Dataset excerpts:

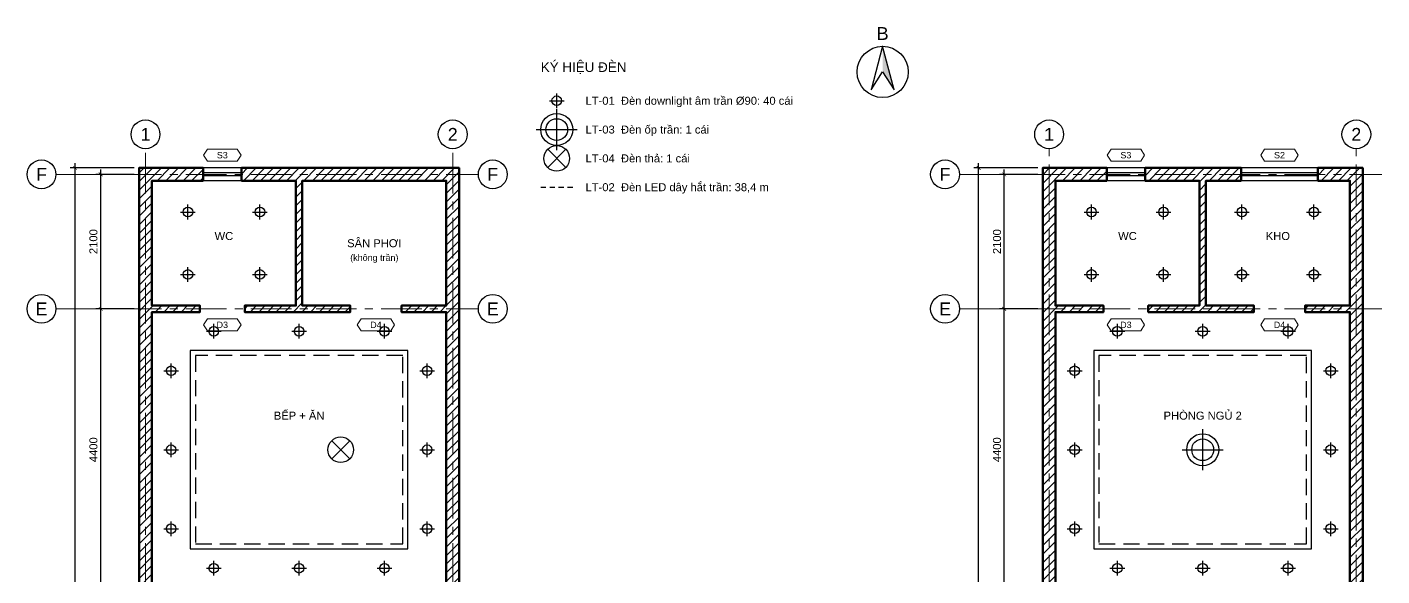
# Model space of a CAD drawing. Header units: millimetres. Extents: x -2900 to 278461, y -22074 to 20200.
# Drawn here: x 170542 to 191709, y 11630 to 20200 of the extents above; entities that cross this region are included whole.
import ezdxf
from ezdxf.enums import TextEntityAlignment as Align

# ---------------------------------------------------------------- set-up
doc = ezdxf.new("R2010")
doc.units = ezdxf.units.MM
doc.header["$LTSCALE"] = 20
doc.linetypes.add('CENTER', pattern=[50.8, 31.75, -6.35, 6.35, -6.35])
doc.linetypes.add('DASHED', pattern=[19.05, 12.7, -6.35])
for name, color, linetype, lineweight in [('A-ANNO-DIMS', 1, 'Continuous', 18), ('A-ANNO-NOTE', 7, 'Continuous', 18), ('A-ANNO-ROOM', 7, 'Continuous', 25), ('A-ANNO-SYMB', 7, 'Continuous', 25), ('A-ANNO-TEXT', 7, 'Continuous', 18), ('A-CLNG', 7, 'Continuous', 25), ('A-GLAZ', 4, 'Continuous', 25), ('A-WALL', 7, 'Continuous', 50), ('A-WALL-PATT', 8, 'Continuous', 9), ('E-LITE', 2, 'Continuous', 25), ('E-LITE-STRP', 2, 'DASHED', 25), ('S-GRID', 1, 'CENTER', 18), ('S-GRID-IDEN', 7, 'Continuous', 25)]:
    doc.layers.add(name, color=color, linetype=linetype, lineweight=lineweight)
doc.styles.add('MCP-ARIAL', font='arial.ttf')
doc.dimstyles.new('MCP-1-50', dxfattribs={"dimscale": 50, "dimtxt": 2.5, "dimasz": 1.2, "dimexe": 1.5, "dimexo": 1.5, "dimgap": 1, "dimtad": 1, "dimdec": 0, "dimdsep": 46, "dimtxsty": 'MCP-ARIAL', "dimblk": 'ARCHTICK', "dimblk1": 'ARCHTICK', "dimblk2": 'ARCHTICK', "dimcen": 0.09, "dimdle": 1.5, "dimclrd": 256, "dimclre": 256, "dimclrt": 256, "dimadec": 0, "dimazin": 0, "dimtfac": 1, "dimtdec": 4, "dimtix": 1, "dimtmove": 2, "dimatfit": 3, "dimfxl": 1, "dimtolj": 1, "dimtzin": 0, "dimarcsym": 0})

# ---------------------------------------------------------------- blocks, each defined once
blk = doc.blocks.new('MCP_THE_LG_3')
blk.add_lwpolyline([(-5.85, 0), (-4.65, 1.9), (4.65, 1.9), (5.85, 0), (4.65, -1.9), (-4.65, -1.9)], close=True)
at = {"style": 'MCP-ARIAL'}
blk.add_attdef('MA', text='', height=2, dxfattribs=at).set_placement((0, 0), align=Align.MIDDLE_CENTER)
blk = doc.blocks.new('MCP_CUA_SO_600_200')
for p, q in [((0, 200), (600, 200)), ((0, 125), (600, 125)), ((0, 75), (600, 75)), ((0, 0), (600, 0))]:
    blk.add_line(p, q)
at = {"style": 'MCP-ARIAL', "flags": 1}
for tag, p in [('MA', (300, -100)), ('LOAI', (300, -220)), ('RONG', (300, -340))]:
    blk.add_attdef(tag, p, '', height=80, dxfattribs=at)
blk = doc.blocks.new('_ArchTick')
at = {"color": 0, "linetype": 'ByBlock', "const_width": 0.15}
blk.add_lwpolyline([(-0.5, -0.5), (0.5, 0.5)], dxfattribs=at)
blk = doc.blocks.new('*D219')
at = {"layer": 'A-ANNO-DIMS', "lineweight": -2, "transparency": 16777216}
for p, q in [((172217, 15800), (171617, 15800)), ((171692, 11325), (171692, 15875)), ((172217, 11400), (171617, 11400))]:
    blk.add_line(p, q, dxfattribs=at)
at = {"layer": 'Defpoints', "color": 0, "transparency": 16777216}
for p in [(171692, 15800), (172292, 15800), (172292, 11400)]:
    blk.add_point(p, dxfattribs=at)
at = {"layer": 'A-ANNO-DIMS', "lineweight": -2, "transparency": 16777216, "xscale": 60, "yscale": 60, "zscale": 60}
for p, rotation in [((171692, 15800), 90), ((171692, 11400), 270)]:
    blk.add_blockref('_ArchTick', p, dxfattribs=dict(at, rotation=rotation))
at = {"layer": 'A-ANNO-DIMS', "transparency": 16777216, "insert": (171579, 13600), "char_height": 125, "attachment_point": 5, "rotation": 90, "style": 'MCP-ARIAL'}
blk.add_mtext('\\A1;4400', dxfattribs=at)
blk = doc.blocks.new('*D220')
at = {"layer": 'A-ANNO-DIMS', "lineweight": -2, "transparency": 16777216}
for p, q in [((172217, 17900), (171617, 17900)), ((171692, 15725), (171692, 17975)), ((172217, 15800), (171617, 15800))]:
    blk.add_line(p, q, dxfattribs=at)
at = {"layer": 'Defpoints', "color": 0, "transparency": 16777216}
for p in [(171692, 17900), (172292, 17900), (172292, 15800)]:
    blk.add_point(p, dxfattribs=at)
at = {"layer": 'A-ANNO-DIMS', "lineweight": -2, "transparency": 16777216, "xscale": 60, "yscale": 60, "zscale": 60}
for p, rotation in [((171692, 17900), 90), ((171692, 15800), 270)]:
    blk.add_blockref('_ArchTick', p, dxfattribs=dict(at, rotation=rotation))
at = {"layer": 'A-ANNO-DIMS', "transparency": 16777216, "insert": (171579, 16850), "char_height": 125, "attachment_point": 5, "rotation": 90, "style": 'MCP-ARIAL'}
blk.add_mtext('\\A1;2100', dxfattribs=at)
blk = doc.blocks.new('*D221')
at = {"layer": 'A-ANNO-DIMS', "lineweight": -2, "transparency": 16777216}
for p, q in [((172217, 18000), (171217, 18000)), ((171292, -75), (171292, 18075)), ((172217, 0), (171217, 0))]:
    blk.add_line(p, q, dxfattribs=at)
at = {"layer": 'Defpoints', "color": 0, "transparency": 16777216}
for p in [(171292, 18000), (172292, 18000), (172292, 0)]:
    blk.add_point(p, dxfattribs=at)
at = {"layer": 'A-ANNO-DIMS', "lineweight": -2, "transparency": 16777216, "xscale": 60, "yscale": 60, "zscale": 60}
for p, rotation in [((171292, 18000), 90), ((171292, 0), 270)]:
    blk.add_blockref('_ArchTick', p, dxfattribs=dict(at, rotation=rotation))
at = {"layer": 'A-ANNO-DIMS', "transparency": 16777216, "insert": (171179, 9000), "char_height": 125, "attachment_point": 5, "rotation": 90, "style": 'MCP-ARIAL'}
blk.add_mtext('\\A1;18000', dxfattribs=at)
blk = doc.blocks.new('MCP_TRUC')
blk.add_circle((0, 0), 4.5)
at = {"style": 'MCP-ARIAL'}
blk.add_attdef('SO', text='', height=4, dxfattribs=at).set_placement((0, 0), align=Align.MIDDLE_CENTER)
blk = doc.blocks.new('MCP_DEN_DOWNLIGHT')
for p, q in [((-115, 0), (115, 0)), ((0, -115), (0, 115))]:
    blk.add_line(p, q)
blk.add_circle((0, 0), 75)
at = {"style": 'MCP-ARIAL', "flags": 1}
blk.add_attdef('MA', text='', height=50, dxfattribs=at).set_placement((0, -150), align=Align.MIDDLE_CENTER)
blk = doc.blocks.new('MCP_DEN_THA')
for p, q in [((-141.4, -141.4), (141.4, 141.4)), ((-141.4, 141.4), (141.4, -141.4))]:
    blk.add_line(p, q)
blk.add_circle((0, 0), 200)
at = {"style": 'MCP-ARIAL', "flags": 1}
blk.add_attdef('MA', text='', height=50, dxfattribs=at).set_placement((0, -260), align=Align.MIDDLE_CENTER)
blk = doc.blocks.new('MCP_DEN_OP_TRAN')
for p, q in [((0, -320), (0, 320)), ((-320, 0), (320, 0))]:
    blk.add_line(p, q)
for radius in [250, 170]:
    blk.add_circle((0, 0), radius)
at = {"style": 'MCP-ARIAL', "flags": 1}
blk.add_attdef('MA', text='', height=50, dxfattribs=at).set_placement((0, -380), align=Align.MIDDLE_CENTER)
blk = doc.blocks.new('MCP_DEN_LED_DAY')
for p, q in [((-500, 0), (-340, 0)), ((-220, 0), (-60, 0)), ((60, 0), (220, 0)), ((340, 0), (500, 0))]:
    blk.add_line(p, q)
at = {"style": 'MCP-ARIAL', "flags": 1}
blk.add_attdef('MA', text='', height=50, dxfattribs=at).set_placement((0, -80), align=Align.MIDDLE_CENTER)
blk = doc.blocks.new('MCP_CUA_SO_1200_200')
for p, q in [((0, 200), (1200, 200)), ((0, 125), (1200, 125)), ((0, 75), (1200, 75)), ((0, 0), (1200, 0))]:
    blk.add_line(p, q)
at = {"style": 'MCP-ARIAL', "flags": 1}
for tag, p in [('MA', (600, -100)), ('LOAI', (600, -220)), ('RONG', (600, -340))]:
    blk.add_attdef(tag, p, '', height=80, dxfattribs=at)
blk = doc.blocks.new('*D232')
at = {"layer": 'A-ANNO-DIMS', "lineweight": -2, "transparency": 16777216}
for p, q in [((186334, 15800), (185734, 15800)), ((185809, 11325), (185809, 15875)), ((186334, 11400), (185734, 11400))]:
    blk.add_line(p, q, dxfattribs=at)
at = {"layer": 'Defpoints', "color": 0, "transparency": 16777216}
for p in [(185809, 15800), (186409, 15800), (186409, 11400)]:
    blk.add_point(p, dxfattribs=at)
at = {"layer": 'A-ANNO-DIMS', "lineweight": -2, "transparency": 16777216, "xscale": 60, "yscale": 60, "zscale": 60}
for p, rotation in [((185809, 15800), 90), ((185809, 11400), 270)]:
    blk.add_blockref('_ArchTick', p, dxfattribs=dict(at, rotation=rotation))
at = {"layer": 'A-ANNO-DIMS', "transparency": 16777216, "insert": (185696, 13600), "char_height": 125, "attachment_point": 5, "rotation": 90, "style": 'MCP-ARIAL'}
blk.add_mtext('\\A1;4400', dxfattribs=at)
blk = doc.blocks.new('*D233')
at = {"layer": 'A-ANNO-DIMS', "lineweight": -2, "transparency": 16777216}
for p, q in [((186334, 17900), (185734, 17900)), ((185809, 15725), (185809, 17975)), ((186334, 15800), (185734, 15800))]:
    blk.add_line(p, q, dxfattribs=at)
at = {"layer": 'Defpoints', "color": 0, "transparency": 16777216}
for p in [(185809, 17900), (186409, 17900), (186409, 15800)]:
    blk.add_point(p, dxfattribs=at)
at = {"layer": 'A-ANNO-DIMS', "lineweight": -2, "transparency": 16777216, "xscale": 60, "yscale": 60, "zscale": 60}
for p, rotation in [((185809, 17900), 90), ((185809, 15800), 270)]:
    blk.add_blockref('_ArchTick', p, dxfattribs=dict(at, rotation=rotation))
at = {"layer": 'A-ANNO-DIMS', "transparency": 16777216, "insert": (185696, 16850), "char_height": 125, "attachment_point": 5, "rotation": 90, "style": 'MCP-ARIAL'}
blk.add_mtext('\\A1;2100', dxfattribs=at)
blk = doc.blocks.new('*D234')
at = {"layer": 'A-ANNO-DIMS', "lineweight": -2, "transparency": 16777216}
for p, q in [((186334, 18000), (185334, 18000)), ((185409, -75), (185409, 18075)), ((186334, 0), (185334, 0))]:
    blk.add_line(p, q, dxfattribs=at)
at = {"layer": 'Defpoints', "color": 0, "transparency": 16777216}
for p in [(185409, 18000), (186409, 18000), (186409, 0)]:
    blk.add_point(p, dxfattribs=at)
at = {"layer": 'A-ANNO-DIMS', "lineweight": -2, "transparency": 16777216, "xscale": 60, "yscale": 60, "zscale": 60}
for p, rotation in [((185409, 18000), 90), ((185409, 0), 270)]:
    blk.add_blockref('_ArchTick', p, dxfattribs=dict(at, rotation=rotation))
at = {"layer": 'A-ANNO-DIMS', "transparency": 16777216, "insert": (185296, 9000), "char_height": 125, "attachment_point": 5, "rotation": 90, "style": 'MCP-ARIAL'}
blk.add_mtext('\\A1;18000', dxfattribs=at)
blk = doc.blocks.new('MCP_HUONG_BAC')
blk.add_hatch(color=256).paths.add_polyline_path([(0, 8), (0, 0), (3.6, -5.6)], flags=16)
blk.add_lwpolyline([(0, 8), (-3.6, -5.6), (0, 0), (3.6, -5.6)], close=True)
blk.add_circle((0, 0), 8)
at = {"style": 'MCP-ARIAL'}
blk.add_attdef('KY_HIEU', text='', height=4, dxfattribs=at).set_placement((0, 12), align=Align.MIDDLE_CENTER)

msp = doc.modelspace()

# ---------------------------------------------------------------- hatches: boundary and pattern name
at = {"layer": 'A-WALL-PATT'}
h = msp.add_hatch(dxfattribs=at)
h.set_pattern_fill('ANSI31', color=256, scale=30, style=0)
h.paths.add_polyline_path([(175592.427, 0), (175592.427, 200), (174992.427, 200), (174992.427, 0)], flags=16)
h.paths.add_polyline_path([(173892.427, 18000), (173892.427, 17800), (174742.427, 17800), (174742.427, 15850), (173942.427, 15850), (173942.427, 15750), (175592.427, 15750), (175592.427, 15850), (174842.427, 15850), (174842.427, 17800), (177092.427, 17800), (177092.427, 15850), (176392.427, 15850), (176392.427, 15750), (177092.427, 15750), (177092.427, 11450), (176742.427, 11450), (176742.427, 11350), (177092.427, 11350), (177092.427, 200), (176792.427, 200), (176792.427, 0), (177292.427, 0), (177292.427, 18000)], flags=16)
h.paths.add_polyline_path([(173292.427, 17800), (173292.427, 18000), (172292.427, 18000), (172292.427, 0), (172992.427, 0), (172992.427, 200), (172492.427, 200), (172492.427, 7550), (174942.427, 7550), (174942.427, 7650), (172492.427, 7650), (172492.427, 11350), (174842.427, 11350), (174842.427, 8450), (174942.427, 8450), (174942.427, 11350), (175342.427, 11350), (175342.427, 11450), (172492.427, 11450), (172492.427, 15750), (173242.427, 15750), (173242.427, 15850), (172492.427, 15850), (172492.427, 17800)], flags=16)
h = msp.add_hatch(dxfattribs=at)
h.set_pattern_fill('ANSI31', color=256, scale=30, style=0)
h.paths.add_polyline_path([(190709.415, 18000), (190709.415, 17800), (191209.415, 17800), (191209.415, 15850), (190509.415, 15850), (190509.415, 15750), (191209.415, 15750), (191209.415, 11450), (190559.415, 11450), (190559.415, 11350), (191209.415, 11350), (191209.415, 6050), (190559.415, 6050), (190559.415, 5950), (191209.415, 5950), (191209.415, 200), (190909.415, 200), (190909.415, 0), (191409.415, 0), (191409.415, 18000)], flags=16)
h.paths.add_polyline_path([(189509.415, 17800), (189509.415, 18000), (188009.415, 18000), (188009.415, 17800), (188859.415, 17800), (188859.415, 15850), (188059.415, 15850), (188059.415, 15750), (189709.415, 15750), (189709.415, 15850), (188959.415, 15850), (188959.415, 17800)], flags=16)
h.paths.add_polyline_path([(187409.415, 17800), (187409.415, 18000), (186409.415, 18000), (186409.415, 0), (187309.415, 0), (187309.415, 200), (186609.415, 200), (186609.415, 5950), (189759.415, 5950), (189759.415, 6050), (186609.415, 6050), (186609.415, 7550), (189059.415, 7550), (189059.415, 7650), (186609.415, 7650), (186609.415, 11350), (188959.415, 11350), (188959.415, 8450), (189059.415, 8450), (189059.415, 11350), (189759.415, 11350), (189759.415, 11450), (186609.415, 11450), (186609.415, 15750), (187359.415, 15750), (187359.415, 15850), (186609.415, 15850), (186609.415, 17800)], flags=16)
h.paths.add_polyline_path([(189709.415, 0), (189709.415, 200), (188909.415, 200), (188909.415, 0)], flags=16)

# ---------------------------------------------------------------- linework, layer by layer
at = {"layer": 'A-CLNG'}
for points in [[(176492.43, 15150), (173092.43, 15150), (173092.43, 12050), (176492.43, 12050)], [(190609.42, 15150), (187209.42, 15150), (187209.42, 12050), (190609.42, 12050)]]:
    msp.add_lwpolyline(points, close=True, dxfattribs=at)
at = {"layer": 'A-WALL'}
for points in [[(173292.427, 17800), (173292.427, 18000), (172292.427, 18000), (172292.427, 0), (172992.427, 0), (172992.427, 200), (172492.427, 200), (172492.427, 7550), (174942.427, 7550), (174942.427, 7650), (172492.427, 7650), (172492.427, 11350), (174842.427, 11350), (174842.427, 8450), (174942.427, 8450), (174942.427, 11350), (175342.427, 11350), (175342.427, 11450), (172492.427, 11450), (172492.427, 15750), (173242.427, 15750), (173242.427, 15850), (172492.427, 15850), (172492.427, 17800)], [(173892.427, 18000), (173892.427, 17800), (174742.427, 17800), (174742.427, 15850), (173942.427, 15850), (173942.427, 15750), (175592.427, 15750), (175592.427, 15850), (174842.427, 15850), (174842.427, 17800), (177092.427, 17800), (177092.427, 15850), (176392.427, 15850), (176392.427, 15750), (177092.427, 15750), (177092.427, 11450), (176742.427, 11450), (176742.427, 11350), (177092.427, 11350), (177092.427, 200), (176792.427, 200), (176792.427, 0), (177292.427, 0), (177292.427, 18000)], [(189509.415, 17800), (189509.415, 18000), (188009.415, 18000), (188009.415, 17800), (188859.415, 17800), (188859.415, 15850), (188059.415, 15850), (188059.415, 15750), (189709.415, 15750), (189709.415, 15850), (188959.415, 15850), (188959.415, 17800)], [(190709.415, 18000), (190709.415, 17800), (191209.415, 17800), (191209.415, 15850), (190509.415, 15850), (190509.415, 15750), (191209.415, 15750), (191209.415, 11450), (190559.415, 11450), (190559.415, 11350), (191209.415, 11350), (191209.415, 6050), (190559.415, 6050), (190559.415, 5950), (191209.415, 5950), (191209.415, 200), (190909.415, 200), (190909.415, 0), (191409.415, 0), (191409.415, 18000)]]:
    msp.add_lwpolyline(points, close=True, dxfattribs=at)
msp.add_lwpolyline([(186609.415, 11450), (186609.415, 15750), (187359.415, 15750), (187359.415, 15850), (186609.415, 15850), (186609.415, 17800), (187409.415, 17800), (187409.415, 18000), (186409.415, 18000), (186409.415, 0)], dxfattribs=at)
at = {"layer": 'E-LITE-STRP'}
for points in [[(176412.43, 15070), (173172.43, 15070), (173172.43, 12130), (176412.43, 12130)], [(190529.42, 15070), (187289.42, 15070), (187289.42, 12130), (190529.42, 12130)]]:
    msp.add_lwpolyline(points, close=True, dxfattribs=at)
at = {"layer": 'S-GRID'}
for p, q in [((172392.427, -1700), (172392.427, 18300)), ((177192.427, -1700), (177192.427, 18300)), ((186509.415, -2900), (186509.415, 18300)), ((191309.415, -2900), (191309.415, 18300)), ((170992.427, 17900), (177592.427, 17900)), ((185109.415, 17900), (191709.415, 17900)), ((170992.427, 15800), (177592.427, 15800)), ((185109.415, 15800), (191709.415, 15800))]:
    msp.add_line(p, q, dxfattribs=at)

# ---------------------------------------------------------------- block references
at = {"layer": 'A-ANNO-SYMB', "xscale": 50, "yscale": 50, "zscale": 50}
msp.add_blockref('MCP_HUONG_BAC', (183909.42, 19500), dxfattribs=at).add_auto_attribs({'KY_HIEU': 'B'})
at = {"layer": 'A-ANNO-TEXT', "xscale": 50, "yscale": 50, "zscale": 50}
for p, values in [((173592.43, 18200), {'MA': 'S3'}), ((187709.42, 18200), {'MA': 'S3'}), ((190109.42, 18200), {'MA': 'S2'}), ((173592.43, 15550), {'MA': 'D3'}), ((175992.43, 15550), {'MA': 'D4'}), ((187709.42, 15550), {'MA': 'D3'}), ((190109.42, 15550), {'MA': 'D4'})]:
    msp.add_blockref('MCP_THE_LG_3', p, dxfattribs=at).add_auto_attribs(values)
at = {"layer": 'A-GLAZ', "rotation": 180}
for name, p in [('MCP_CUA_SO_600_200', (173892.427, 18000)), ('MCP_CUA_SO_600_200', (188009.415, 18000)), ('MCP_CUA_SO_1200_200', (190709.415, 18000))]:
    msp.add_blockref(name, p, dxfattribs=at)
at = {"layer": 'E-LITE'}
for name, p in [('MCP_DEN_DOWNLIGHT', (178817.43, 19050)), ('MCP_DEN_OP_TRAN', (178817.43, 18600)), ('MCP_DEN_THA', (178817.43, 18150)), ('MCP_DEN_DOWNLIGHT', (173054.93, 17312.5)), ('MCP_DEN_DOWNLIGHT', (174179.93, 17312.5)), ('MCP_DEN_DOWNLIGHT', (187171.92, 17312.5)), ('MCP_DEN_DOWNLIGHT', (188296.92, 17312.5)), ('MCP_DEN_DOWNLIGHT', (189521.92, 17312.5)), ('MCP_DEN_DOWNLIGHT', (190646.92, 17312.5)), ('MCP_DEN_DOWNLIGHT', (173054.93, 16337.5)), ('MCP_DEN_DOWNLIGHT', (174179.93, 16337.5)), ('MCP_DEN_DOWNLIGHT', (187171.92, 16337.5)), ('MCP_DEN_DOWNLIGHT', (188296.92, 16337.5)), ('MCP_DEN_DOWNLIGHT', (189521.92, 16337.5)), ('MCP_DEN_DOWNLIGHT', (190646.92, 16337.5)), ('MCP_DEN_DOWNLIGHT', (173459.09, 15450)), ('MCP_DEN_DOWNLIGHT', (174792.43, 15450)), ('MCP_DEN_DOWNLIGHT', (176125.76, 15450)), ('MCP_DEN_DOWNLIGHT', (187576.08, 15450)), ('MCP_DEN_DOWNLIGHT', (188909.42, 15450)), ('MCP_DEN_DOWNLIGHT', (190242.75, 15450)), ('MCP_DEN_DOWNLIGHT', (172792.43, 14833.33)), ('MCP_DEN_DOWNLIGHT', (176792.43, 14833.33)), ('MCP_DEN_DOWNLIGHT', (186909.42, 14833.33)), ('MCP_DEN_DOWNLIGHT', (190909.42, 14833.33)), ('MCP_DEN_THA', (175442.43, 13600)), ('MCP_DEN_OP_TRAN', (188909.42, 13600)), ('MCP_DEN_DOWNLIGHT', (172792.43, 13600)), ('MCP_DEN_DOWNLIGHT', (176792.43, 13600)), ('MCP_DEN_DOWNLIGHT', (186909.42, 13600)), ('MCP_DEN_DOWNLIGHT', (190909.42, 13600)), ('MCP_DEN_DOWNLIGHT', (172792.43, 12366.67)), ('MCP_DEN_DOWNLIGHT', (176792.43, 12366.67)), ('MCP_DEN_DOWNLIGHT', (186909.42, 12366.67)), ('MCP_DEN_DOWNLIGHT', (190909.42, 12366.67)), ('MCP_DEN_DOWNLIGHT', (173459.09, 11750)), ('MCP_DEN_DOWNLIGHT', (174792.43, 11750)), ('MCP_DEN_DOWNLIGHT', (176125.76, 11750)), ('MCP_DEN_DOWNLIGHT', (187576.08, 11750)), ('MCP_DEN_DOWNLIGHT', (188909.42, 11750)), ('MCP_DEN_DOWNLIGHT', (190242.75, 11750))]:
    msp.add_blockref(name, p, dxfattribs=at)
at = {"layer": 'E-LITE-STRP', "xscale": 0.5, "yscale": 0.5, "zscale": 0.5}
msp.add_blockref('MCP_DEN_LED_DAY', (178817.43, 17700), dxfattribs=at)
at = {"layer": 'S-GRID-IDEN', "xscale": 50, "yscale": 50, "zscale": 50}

— Description of the task —
The lines to show are those in the data above that include "units".

— Answer for this exercise —
# Model space of a CAD drawing. Header units: millimetres. Extents: x -2900 to 278461, y -22074 to 20200.
doc.units = ezdxf.units.MM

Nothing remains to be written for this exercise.